[DATASET EXCERPTS — start]

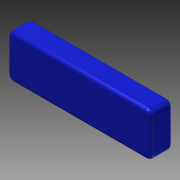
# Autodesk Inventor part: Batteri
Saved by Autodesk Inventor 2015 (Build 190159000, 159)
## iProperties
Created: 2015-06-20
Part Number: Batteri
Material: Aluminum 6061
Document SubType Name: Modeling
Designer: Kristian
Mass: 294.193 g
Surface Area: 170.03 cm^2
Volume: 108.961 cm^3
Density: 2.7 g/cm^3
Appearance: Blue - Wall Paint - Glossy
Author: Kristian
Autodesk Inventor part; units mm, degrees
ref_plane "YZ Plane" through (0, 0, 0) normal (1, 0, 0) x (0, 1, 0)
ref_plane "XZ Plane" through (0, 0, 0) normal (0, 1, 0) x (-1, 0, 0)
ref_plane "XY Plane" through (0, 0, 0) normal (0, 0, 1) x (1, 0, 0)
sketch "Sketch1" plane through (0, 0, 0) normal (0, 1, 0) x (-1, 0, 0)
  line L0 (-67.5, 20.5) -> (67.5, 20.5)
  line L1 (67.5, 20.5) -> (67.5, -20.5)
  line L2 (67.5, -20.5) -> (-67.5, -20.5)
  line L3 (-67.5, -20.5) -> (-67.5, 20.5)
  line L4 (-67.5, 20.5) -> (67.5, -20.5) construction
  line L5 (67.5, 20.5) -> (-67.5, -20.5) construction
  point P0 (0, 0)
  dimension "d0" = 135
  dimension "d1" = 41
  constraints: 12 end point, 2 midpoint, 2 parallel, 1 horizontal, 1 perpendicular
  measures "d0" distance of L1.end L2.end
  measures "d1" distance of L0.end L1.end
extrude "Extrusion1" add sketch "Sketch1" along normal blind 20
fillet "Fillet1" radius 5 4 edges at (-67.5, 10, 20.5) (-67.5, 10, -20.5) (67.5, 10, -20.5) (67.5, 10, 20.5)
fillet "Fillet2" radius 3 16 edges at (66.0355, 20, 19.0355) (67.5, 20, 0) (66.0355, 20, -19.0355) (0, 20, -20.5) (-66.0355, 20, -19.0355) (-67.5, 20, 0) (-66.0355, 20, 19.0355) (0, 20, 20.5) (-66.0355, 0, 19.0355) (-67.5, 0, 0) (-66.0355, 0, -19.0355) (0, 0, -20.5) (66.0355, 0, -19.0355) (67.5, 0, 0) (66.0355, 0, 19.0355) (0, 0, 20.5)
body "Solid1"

[DATASET EXCERPTS — finish]

From the records above, print exactly the lines that run from the line with "1) x (1, 0, 0)" to the line with "of L1.end L2.end", inclusive.

ref_plane "XY Plane" through (0, 0, 0) normal (0, 0, 1) x (1, 0, 0)
sketch "Sketch1" plane through (0, 0, 0) normal (0, 1, 0) x (-1, 0, 0)
  line L0 (-67.5, 20.5) -> (67.5, 20.5)
  line L1 (67.5, 20.5) -> (67.5, -20.5)
  line L2 (67.5, -20.5) -> (-67.5, -20.5)
  line L3 (-67.5, -20.5) -> (-67.5, 20.5)
  line L4 (-67.5, 20.5) -> (67.5, -20.5) construction
  line L5 (67.5, 20.5) -> (-67.5, -20.5) construction
  point P0 (0, 0)
  dimension "d0" = 135
  dimension "d1" = 41
  constraints: 12 end point, 2 midpoint, 2 parallel, 1 horizontal, 1 perpendicular
  measures "d0" distance of L1.end L2.end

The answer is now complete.